Carcere, basta morire «da dimenticati»

Tagli al personale e sovraffollamento hanno reso gli istituti di pena italiani luoghi in cui si può morire nell'indifferenza. Ne abbiamo parlato con Rita Bernardini, ex deputata e presidente di Nessuno Tocchi Caino, da anni impegnata per i diritti dei detenuti e che a Ferragosto visiterà, come da tradizione, un penitenziario: quest'anno quello di Rebibbia a Roma

di Alessio Nisi

Le morti in carcere, i decessi nei luoghi di detenzione in particolare, riguardano tutti. Varcare il cancello di una struttura penitenziaria non vuol dire essere dimenticati: non dovrebbe significare questo. Eppure è successo. Susan John, 42 anni, originaria del Niger, è morta nella sezione femminile della Casa Circondariale Lorusso e Cutugno di Torino. Se n’è andata da “invisibile”. Né la direzione né la garante dei detenuti di Torino erano a conoscenza delle difficoltà e dello sciopero della fame, in corso da ben un mese, di Susan: che si è lasciata morire di fame e sete in carcere. Nessuno sapeva. A poche ore dalla morte di Susan John, un’altra detenuta si è tolta la vita nella sezione femminile del carcere di Torino, Azzurra Campari si è impiccata. Due morti che seguono il dramma, sempre a Torino, di Graziana Orlarey, 52 anni, che il 29 giugno si è suicidata a pochi giorni dalla sua scarcerazione per il timore di cosa le sarebbe accaduto una volta libera. Torino: il responsabile sindacale della polizia penitenziaria ha parlato di un carcere che ha assunto le caratteristiche dei gironi danteschi sia per i detenuti sia per il personale, chiamando in causa il crescente sovraffollamento detentivo e la fatiscenza delle infrastrutture.
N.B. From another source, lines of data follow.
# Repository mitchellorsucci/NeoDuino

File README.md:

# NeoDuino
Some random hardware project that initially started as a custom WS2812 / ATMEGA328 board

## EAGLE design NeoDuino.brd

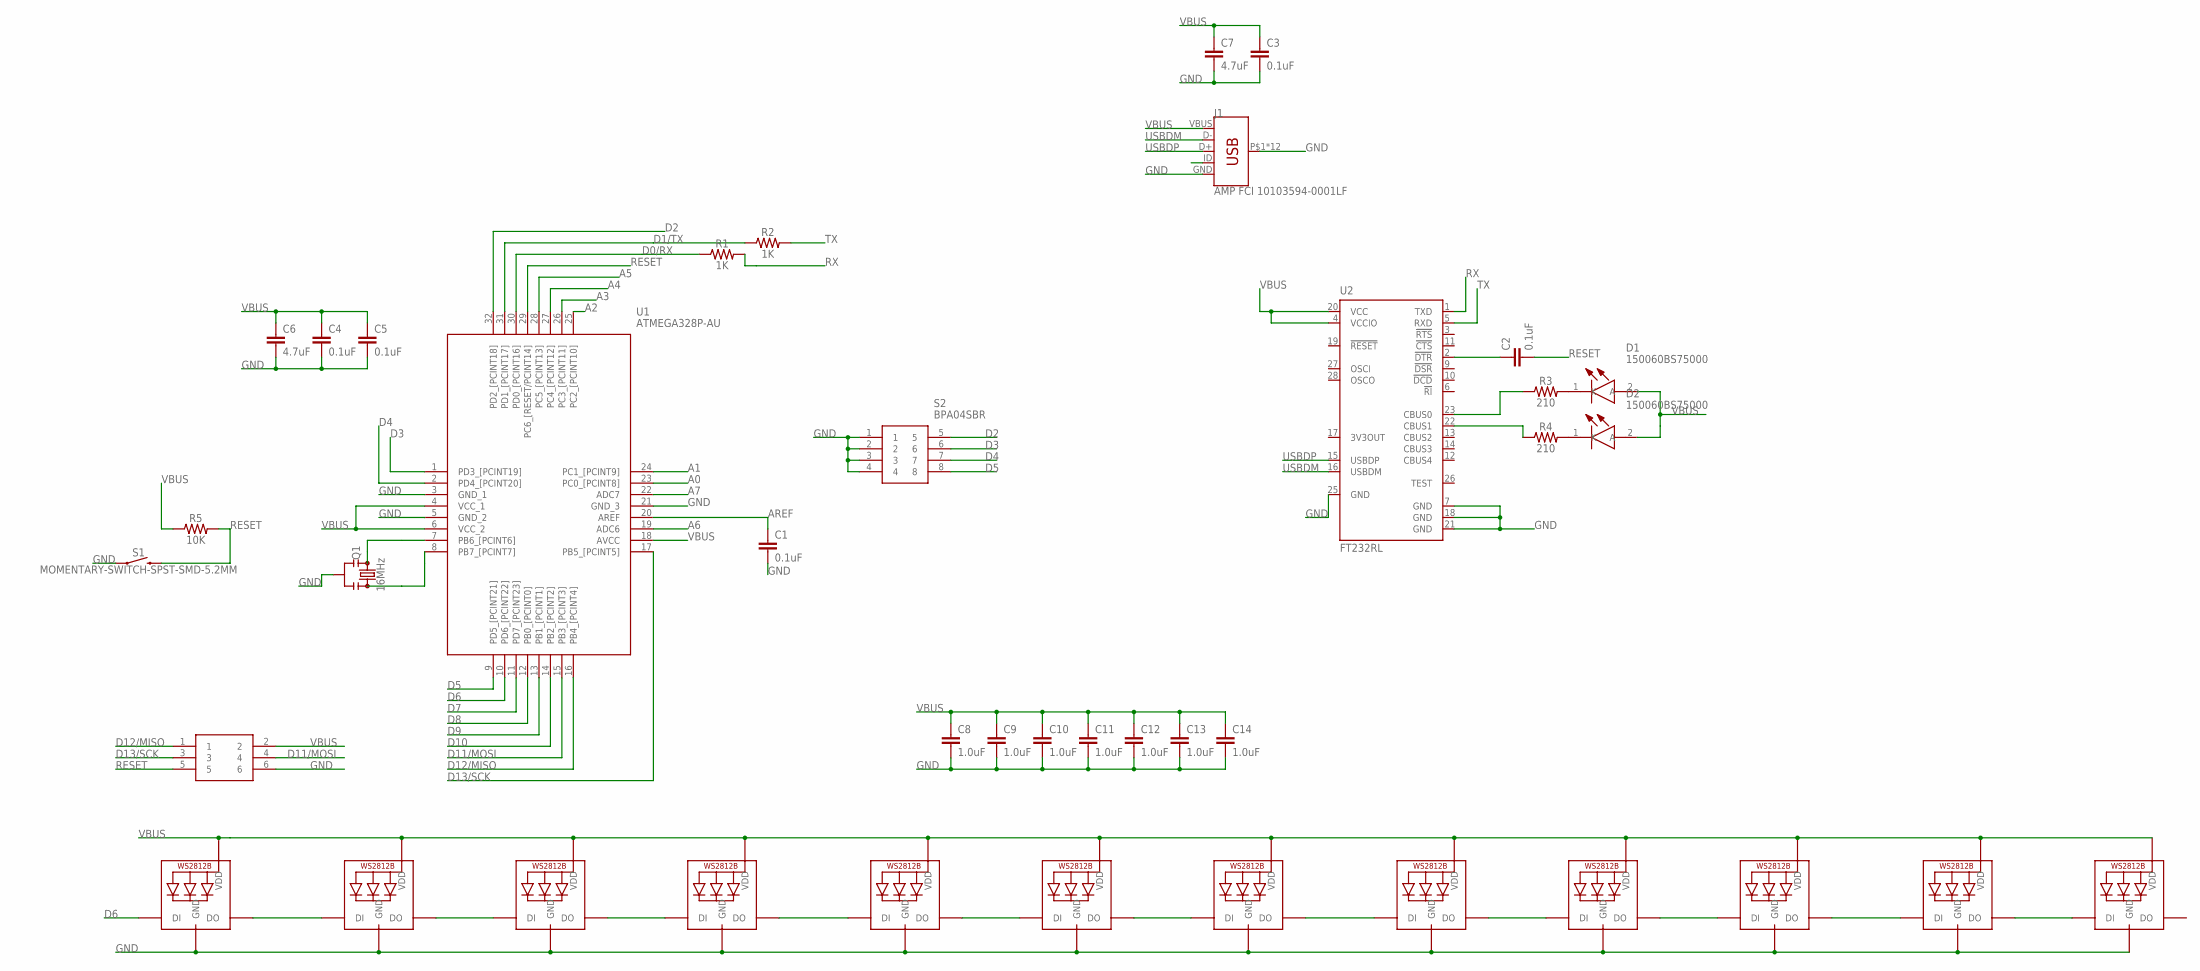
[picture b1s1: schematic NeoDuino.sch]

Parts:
C1, C2, C3, C4, C5: 0.1uF; 0402
C6, C7: 4.7uF; 0603
C8, C9, C10, C11, C12, C13, C14: 1.0uF; 0402
D1, D2: 150060BS75000; LEDC1608X80N
D3, D4, D5, D6, D7, D8, D9, D10, D11, D12, D13, D14: WS2812B5050; WS2812B
J1: AMP FCI 10103594-0001LF; USB-MICROB-PTH
J2: TSM-103-01-L-DH
Q1: 16MHz; RESONATOR-SMD-3.2X1.3
R1, R2: 1K; 0402
R3, R4: 210; 0402
R5: 10K; 0402
S1: MOMENTARY-SWITCH-SPST-SMD-5.2MM; TACTILE_SWITCH_SMD_5.2MM
S2: BPA04SBR
U1: ATMEGA328P-AU; QFP80P900X900X120-32N
U2: FT232RL; SSOP28

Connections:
A0: U1.23 (PC0_[PCINT8])
A1: U1.24 (PC1_[PCINT9])
A2: U1.25 (PC2_[PCINT10])
A3: U1.26 (PC3_[PCINT11])
A4: U1.27 (PC4_[PCINT12])
A5: U1.28 (PC5_[PCINT13])
A6: U1.19 (ADC6)
A7: U1.22 (ADC7)
AREF: C1.1, U1.20 (AREF)
D0/RX: R1.1, U1.30 (PD0_[PCINT16])
D1/TX: R2.1, U1.31 (PD1_[PCINT17])
D2: S2.5, U1.32 (PD2_[PCINT18])
D3: S2.6, U1.1 (PD3_[PCINT19])
D4: S2.7, U1.2 (PD4_[PCINT20])
D5: S2.8, U1.9 (PD5_[PCINT21])
D6: D3.4-DIN (DI), U1.10 (PD6_[PCINT22])
D7: U1.11 (PD7_[PCINT23])
D8: U1.12 (PB0_[PCINT0])
D9: U1.13 (PB1_[PCINT1])
D10: U1.14 (PB2_[PCINT2])
D11/MOSI: J2.4, U1.15 (PB3_[PCINT3])
D12/MISO: J2.1, U1.16 (PB4_[PCINT4])
D13/SCK: J2.3, U1.17 (PB5_[PCINT5])
GND: C1.2, C3.2, C4.2, C5.2, C6.2, C7.2, C8.2, C9.2, C10.2, C11.2, C12.2, C13.2, C14.2, D3.3-GND (GND), D4.3-GND (GND), D5.3-GND (GND), D6.3-GND (GND), D7.3-GND (GND), D8.3-GND (GND), D9.3-GND (GND), D10.3-GND (GND), D11.3-GND (GND), D12.3-GND (GND), D13.3-GND (GND), D14.3-GND (GND), J1.GND, J1.P$1 (SHIELD), J1.P$2 (SHIELD), J1.P$3 (SHIELD), J1.P$4 (SHIELD), J1.P$6 (SHIELD), J1.P$8 (SHIELD), J1.P$10 (SHIELD), J1.P$12 (SHIELD), J1.SHEILD2 (SHIELD), J1.SHIELD, J1.SHIELD3 (SHIELD), J1.SHIELD4 (SHIELD), J2.6, Q1.2, S1.1, S2.1, S2.2, S2.3, S2.4, U1.3 (GND_1), U1.5 (GND_2), U1.21 (GND_3), U2.7 (GND), U2.18 (GND), U2.21 (GND), U2.25 (GND)
unnamed: Q1.3, U1.8 (PB7_[PCINT7])
unnamed: C2.1, U2.2 (!DTR)
unnamed: R3.1, U2.23 (CBUS0)
unnamed: Q1.1, U1.7 (PB6_[PCINT6])
unnamed: D1.1 (K), R3.2
unnamed: D2.1 (K), R4.2
unnamed: R4.1, U2.22 (CBUS1)
unnamed: D5.2-DOUT (DO), D6.4-DIN (DI)
unnamed: D4.2-DOUT (DO), D5.4-DIN (DI)
unnamed: D3.2-DOUT (DO), D4.4-DIN (DI)
unnamed: D8.2-DOUT (DO), D9.4-DIN (DI)
unnamed: D11.2-DOUT (DO), D12.4-DIN (DI)
unnamed: D7.2-DOUT (DO), D8.4-DIN (DI)
unnamed: D6.2-DOUT (DO), D7.4-DIN (DI)
unnamed: D10.2-DOUT (DO), D11.4-DIN (DI)
unnamed: D9.2-DOUT (DO), D10.4-DIN (DI)
unnamed: D13.2-DOUT (DO), D14.4-DIN (DI)
unnamed: D12.2-DOUT (DO), D13.4-DIN (DI)
RESET: C2.2, J2.5, R5.2, S1.3 (2), U1.29 (PC6_[RESET/PCINT14])
RX: R1.2, U2.1 (TXD)
TX: R2.2, U2.5 (RXD)
USBDM: J1.D-, U2.16 (USBDM)
USBDP: J1.D+, U2.15 (USBDP)
VBUS: C3.1, C4.1, C5.1, C6.1, C7.1, C8.1, C9.1, C10.1, C11.1, C12.1, C13.1, C14.1, D1.2 (A), D2.2 (A), D3.1-VDD (VDD), D4.1-VDD (VDD), D5.1-VDD (VDD), D6.1-VDD (VDD), D7.1-VDD (VDD), D8.1-VDD (VDD), D9.1-VDD (VDD), D10.1-VDD (VDD), D11.1-VDD (VDD), D12.1-VDD (VDD), D13.1-VDD (VDD), D14.1-VDD (VDD), J1.VBUS, J2.2, R5.1, U1.4 (VCC_1), U1.6 (VCC_2), U1.18 (AVCC), U2.4 (VCCIO), U2.20 (VCC)

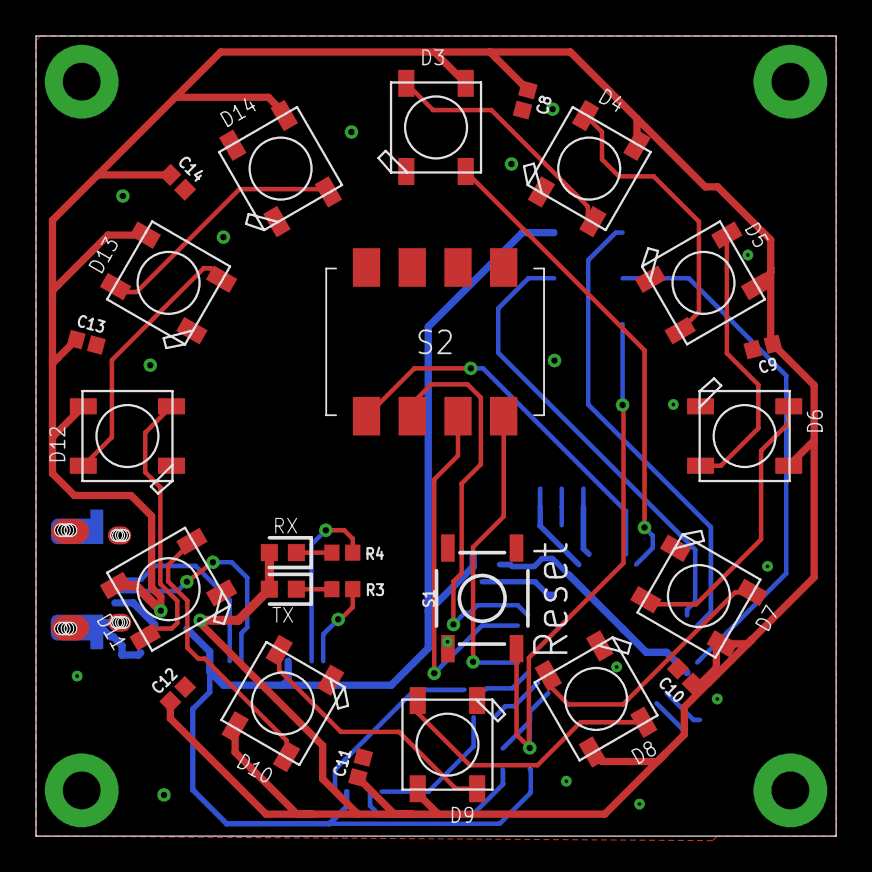
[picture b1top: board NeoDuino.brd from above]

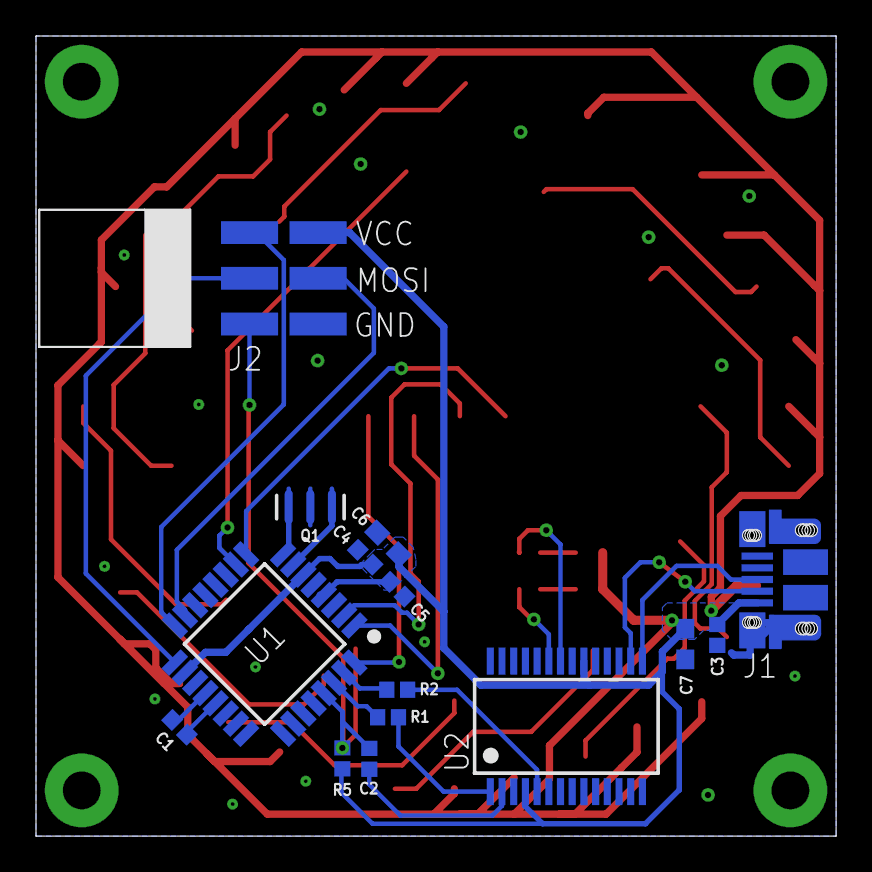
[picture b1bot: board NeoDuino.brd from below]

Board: 2 copper layers, 44.5 x 44.5 mm, 40 parts (15 on the bottom side), 36 nets.

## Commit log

2018-11-06 Added v0.5 pcb and schematic.

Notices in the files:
parts and their libraries:
SparkFun-Capacitors: Licensing: Creative Commons ShareAlike 4.0 International - https://creativecommons.org/licenses/by-sa/4.0

La responsabilità dello Stato

«Se lo Stato può permettersi di fare quello che fa quotidianamente e che noi che entriamo nelle carceri tocchiamo con mano vuol dire che c’è una sorta di avallo di questi fatti», dice senza troppi di giri di parole Rita Bernardini, già parlamentare, presidente di Nessuno tocchi Caino, da anni in prima linea (con proteste e ripetuti scioperi della fame) per la difesa dei diritti dei detenuti, con un orizzonte chiaro: lo Stato di Diritto, la dignità della persona e la forza delle idee. Partita la carambola della ricerca delle responsabilità, due casi in pochi giorni non sono coincidenze, ci si dimentica che il principale imputato di questa situazione è uno. «Lo Stato ha una responsabilità imposta dai principi costituzionali, come quelli vergati dall’articolo 27», spiega Bernardini, che a Ferragosto, come ogni anno, sarà nelle carceri insieme ai detenuti, «sarò a Rebibbia». 

Rita Bernardini

Solo punizione

In barba ai principi costituzionali, «il carcere sta diventando un luogo di sola punizione. Le persone che entrano non sono aiutate in un percorso che dovrebbe far si che non ricadano nel reato». Non solo queste persone non sono aiutate ma finiscono in un limbo di invisibilità. «Anche nel silenzio assordante dei grandi media, che non ne parlano. Per loro non è rilevante». Eppure, sottolinea Bernardini, «sono casi che hanno un loro peso: queste persone sono nelle mani dello Stato». E nella sua cura. «La pena non deve essere contraria al senso di umanità», cita la ex deputata.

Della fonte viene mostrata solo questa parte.